--- THE TASK ---
Reproduce the records below exactly, but only between the lines holding "- net AH: now also U6.7 (HO)" and "- net at R10.1: now also U6.2 (HIN)", inclusive.
### MATERIAL SUPPLIED
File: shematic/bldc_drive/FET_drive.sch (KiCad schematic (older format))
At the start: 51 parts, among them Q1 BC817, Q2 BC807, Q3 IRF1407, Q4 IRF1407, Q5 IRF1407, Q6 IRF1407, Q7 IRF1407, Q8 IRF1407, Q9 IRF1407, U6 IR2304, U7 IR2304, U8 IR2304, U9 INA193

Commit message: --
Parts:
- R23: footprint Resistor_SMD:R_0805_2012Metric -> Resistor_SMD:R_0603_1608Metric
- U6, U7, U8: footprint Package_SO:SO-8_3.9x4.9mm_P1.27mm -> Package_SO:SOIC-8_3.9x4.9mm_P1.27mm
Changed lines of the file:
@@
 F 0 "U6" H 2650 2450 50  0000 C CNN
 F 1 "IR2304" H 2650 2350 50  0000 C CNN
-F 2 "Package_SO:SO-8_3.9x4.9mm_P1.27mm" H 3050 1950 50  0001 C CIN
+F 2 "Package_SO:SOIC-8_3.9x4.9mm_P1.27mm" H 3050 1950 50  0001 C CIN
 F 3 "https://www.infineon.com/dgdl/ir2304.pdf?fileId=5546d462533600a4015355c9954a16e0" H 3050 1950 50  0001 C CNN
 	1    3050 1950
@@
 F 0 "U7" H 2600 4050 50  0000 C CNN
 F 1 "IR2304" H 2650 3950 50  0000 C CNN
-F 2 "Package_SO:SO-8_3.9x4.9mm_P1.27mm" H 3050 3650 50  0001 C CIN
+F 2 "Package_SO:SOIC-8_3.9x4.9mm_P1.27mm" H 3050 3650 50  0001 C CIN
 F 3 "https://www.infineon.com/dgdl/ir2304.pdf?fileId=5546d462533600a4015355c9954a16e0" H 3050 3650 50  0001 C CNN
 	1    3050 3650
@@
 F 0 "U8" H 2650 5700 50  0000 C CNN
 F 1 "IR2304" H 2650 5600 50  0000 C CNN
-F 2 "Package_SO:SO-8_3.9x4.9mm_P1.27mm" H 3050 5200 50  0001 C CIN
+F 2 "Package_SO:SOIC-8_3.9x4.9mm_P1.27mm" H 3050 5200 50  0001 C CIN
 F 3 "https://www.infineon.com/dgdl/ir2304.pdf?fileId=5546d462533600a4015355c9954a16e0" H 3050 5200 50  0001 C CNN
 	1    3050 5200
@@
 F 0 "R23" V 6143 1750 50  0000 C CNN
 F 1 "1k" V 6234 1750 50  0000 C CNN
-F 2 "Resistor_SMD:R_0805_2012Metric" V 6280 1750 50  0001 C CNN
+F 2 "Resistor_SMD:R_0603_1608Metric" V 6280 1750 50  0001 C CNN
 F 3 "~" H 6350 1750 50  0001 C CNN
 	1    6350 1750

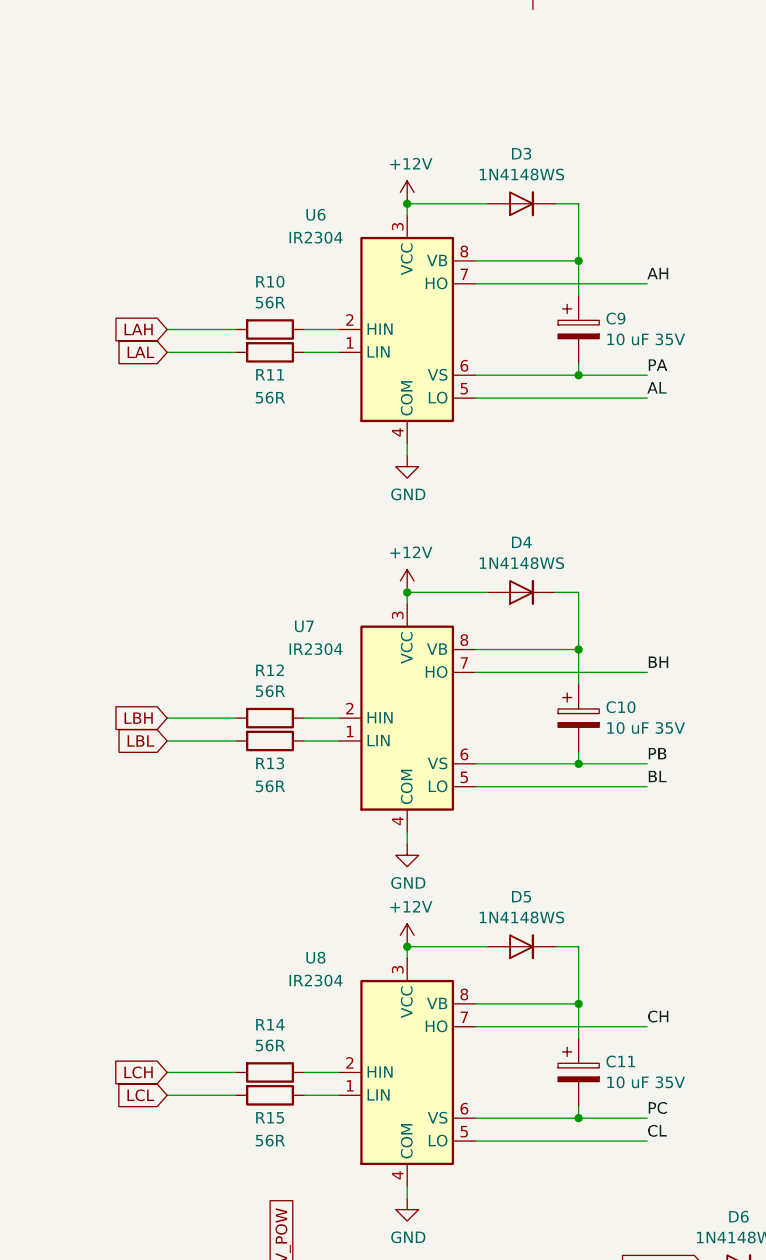
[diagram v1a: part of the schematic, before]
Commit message: replace ir2304 to ir2101
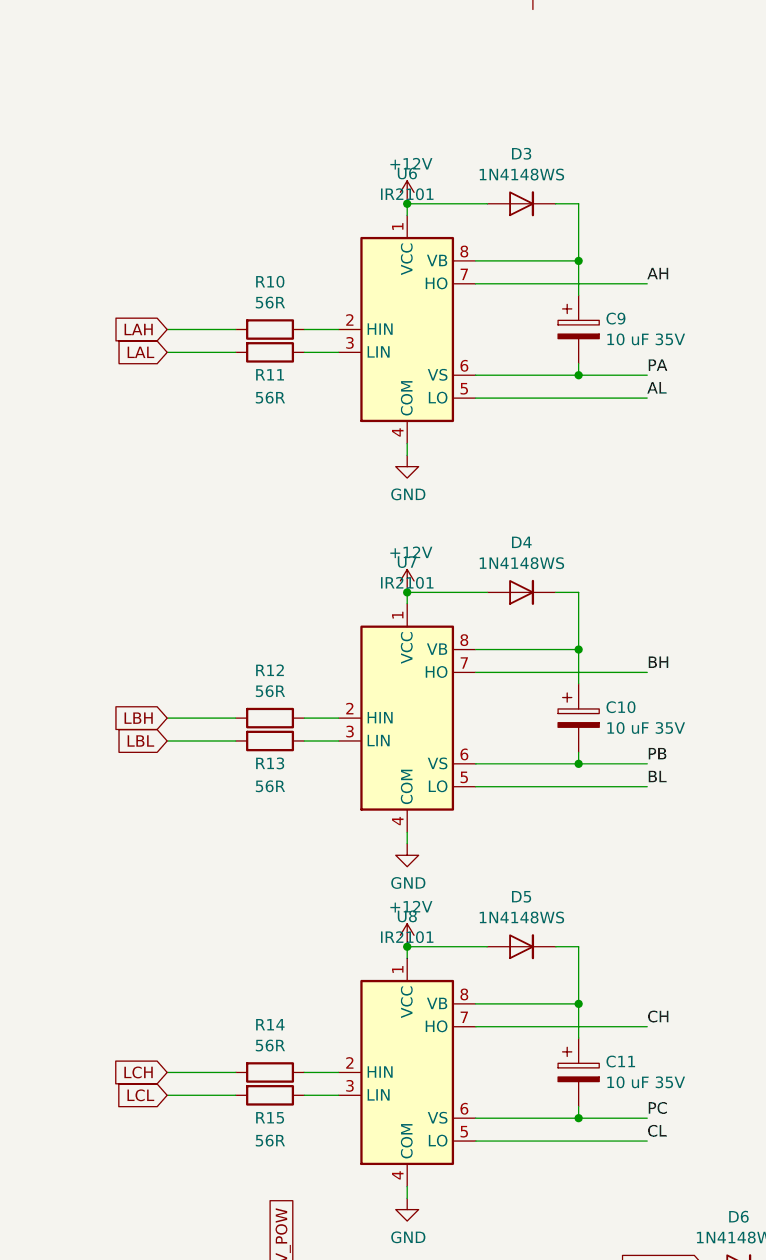
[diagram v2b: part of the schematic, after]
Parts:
- removed U6, U7, U8: IR2304, Package_SO:SOIC-8_3.9x4.9mm_P1.27mm, symbol Driver_FET:IR2304
- added U6, U7, U8: IR2101, Package_SO:SOIC-8_3.9x4.9mm_P1.27mm, symbol Driver_FET:IR2101
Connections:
- net +12V: now also U6.1 (VCC), U7.1 (VCC), U8.1 (VCC)
- net AH: now also U6.7 (HO)
- net AL: now also U6.5 (LO)
- net BH: now also U7.7 (HO)
- net BL: now also U7.5 (LO)
- net CH: now also U8.7 (HO)
- net CL: now also U8.5 (LO)
- net GND: now also U6.4 (COM), U7.4 (COM), U8.4 (COM)
- net PA: now also U6.6 (VS)
- net PB: now also U7.6 (VS)
- net PC: now also U8.6 (VS)
- net at R11.1: now also U6.3 (LIN)
- net at R10.1: now also U6.2 (HIN)
- net at C9.1, D3.1 (K): now also U6.8 (VB)
- net at R13.1: now also U7.3 (LIN)
- net at R12.1: now also U7.2 (HIN)
- net at C10.1, D4.1 (K): now also U7.8 (VB)
- net at R15.1: now also U8.3 (LIN)
- net at R14.1: now also U8.2 (HIN)
- net at C11.1, D5.1 (K): now also U8.8 (VB)
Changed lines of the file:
@@
 $EndDescr
-$Comp
-L Driver_FET:IR2304 U?
-U 1 1 5EACF915
-P 3050 1950
-AR Path="/5EAC8274/5EACF915" Ref="U?"  Part="1"
-AR Path="/5EACE430/5EACF915" Ref="U6"  Part="1"
-F 0 "U6" H 2650 2450 50  0000 C CNN
-F 1 "IR2304" H 2650 2350 50  0000 C CNN
-F 2 "Package_SO:SOIC-8_3.9x4.9mm_P1.27mm" H 3050 1950 50  0001 C CIN
-F 3 "https://www.infineon.com/dgdl/ir2304.pdf?fileId=5546d462533600a4015355c9954a16e0" H 3050 1950 50  0001 C CNN
-	1    3050 1950
-	1    0    0    -1
-$EndComp
-$Comp
-L Driver_FET:IR2304 U?
-U 1 1 5EACF91B
-P 3050 3650
-AR Path="/5EAC8274/5EACF91B" Ref="U?"  Part="1"
-AR Path="/5EACE430/5EACF91B" Ref="U7"  Part="1"
-F 0 "U7" H 2600 4050 50  0000 C CNN
-F 1 "IR2304" H 2650 3950 50  0000 C CNN
-F 2 "Package_SO:SOIC-8_3.9x4.9mm_P1.27mm" H 3050 3650 50  0001 C CIN
-F 3 "https://www.infineon.com/dgdl/ir2304.pdf?fileId=5546d462533600a4015355c9954a16e0" H 3050 3650 50  0001 C CNN
-	1    3050 3650
-	1    0    0    -1
-$EndComp
-$Comp
-L Driver_FET:IR2304 U?
-U 1 1 5EACF921
-P 3050 5200
-AR Path="/5EAC8274/5EACF921" Ref="U?"  Part="1"
-AR Path="/5EACE430/5EACF921" Ref="U8"  Part="1"
-F 0 "U8" H 2650 5700 50  0000 C CNN
-F 1 "IR2304" H 2650 5600 50  0000 C CNN
-F 2 "Package_SO:SOIC-8_3.9x4.9mm_P1.27mm" H 3050 5200 50  0001 C CIN
-F 3 "https://www.infineon.com/dgdl/ir2304.pdf?fileId=5546d462533600a4015355c9954a16e0" H 3050 5200 50  0001 C CNN
-	1    3050 5200
-	1    0    0    -1
-$EndComp
 $Comp
 L power:GND #PWR032
@@
 Wire Wire Line
 	6500 4100 6500 4350
+$Comp
+L Driver_FET:IR2101 U6
+U 1 1 5F508908
+P 3050 1950
+F 0 "U6" H 3050 2631 50  0000 C CNN
+F 1 "IR2101" H 3050 2540 50  0000 C CNN
+F 2 "Package_SO:SOIC-8_3.9x4.9mm_P1.27mm" H 3050 1950 50  0001 C CIN
+F 3 "https://www.infineon.com/dgdl/ir2101.pdf?fileId=5546d462533600a4015355c7a755166c" H 3050 1950 50  0001 C CNN
+	1    3050 1950
+	1    0    0    -1
+$EndComp
+$Comp
+L Driver_FET:IR2101 U7
+U 1 1 5F50A091
+P 3050 3650
+F 0 "U7" H 3050 4331 50  0000 C CNN
+F 1 "IR2101" H 3050 4240 50  0000 C CNN
+F 2 "Package_SO:SOIC-8_3.9x4.9mm_P1.27mm" H 3050 3650 50  0001 C CIN
+F 3 "https://www.infineon.com/dgdl/ir2101.pdf?fileId=5546d462533600a4015355c7a755166c" H 3050 3650 50  0001 C CNN
+	1    3050 3650
+	1    0    0    -1
+$EndComp
+$Comp
+L Driver_FET:IR2101 U8
+U 1 1 5F50ABDC
+P 3050 5200
+F 0 "U8" H 3050 5881 50  0000 C CNN
+F 1 "IR2101" H 3050 5790 50  0000 C CNN
+F 2 "Package_SO:SOIC-8_3.9x4.9mm_P1.27mm" H 3050 5200 50  0001 C CIN
+F 3 "https://www.infineon.com/dgdl/ir2101.pdf?fileId=5546d462533600a4015355c7a755166c" H 3050 5200 50  0001 C CNN
+	1    3050 5200
+	1    0    0    -1
+$EndComp
 $EndSCHEMATC

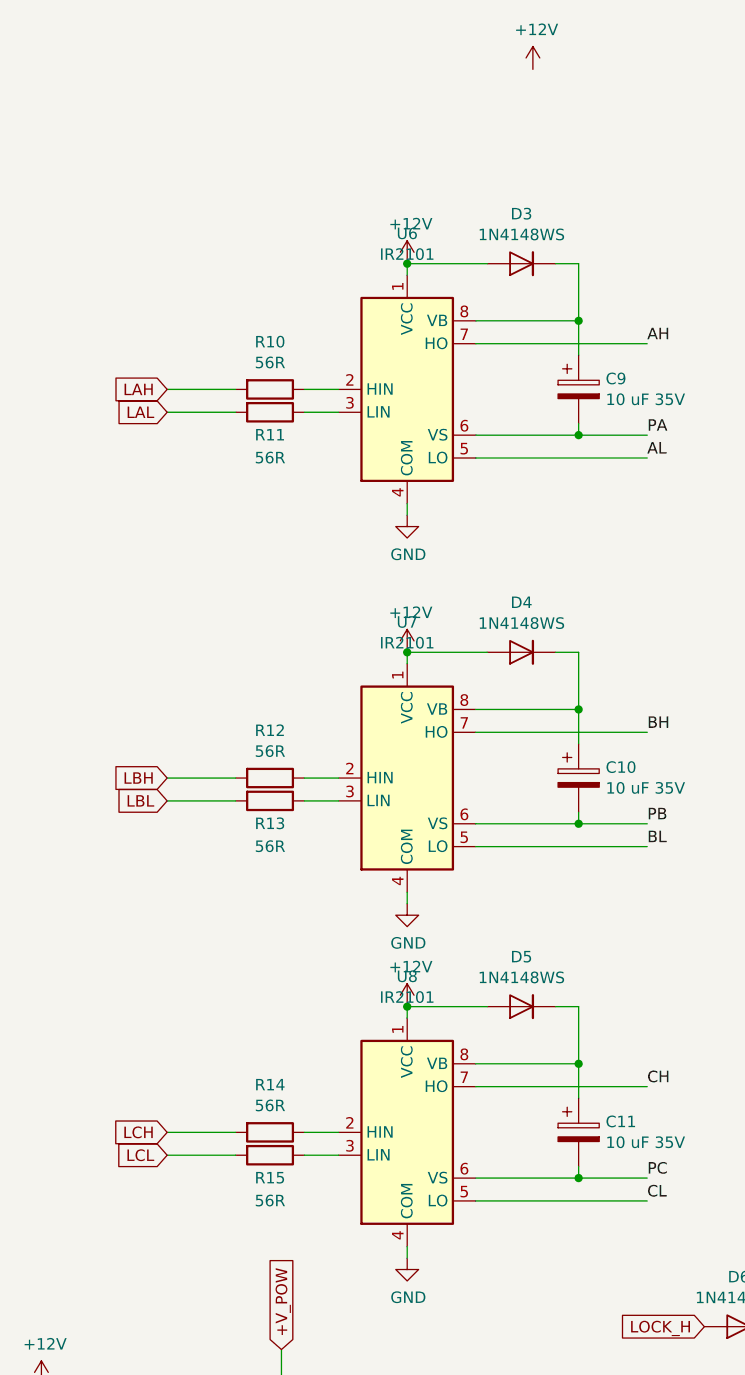
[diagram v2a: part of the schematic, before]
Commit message: modify for warios drive
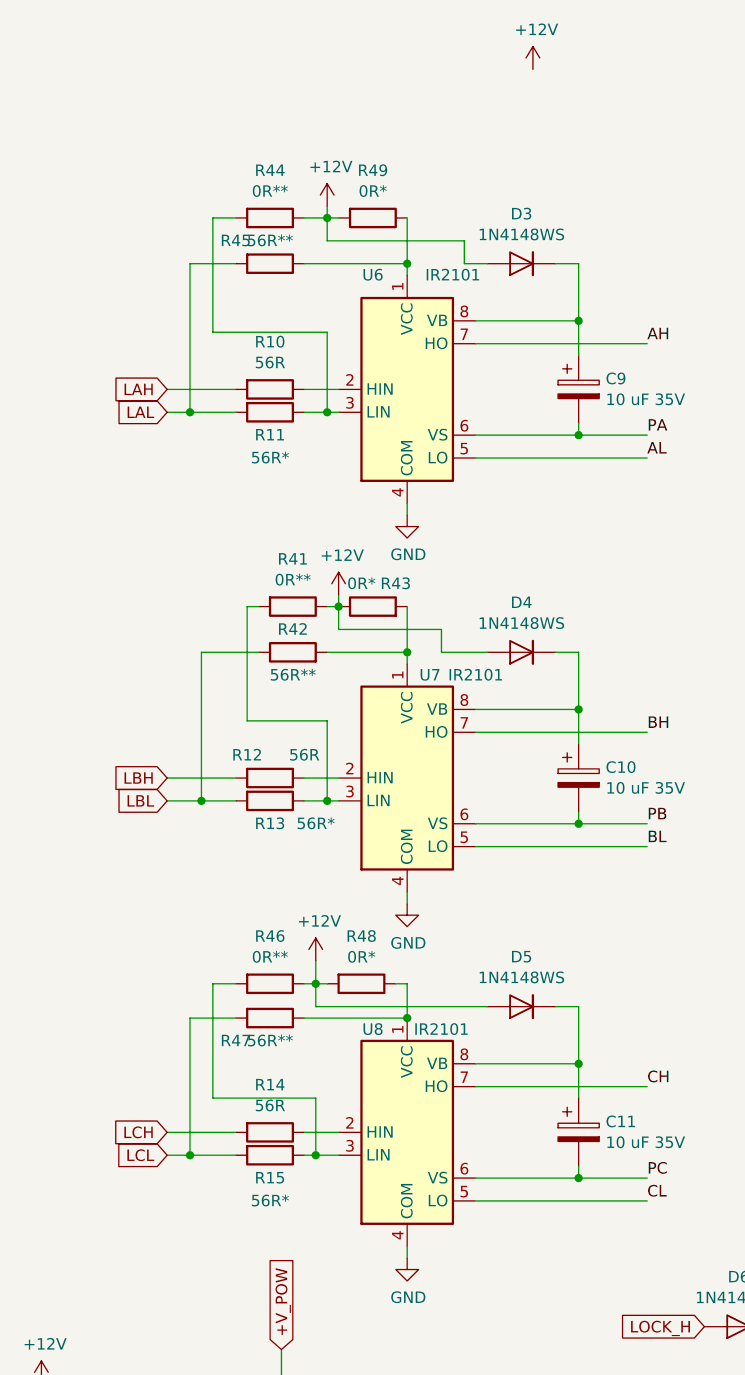
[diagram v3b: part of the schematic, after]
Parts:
- added R41, R44, R46: 0R**, Resistor_SMD:R_0603_1608Metric, symbol Device:R
- added R42, R45, R47: 56R**, Resistor_SMD:R_0603_1608Metric, symbol Device:R
- added R43, R48, R49: 0R*, Resistor_SMD:R_0603_1608Metric, symbol Device:R
- R11, R13, R15: value 56R -> 56R*
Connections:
- net +12V: now also R41.1, R43.1, R44.1, R46.1, R48.2, R49.2; no longer U6.1 (VCC), U7.1 (VCC), U8.1 (VCC)
- net LAL: now also R45.2
- net LBL: now also R42.1
- net LCL: now also R47.2
- net at R11.1, U6.3 (LIN): now also R44.2
- net at R13.1, U7.3 (LIN): now also R41.2
- net at R15.1, U8.3 (LIN): now also R46.2
- new net: R45.1, R49.1, U6.1 (VCC)
- new net: R42.2, R43.2, U7.1 (VCC)
- new net: R47.1, R48.1, U8.1 (VCC)
######
--- RESPONSE ---
- net AH: now also U6.7 (HO)
- net AL: now also U6.5 (LO)
- net BH: now also U7.7 (HO)
- net BL: now also U7.5 (LO)
- net CH: now also U8.7 (HO)
- net CL: now also U8.5 (LO)
- net GND: now also U6.4 (COM), U7.4 (COM), U8.4 (COM)
- net PA: now also U6.6 (VS)
- net PB: now also U7.6 (VS)
- net PC: now also U8.6 (VS)
- net at R11.1: now also U6.3 (LIN)
- net at R10.1: now also U6.2 (HIN)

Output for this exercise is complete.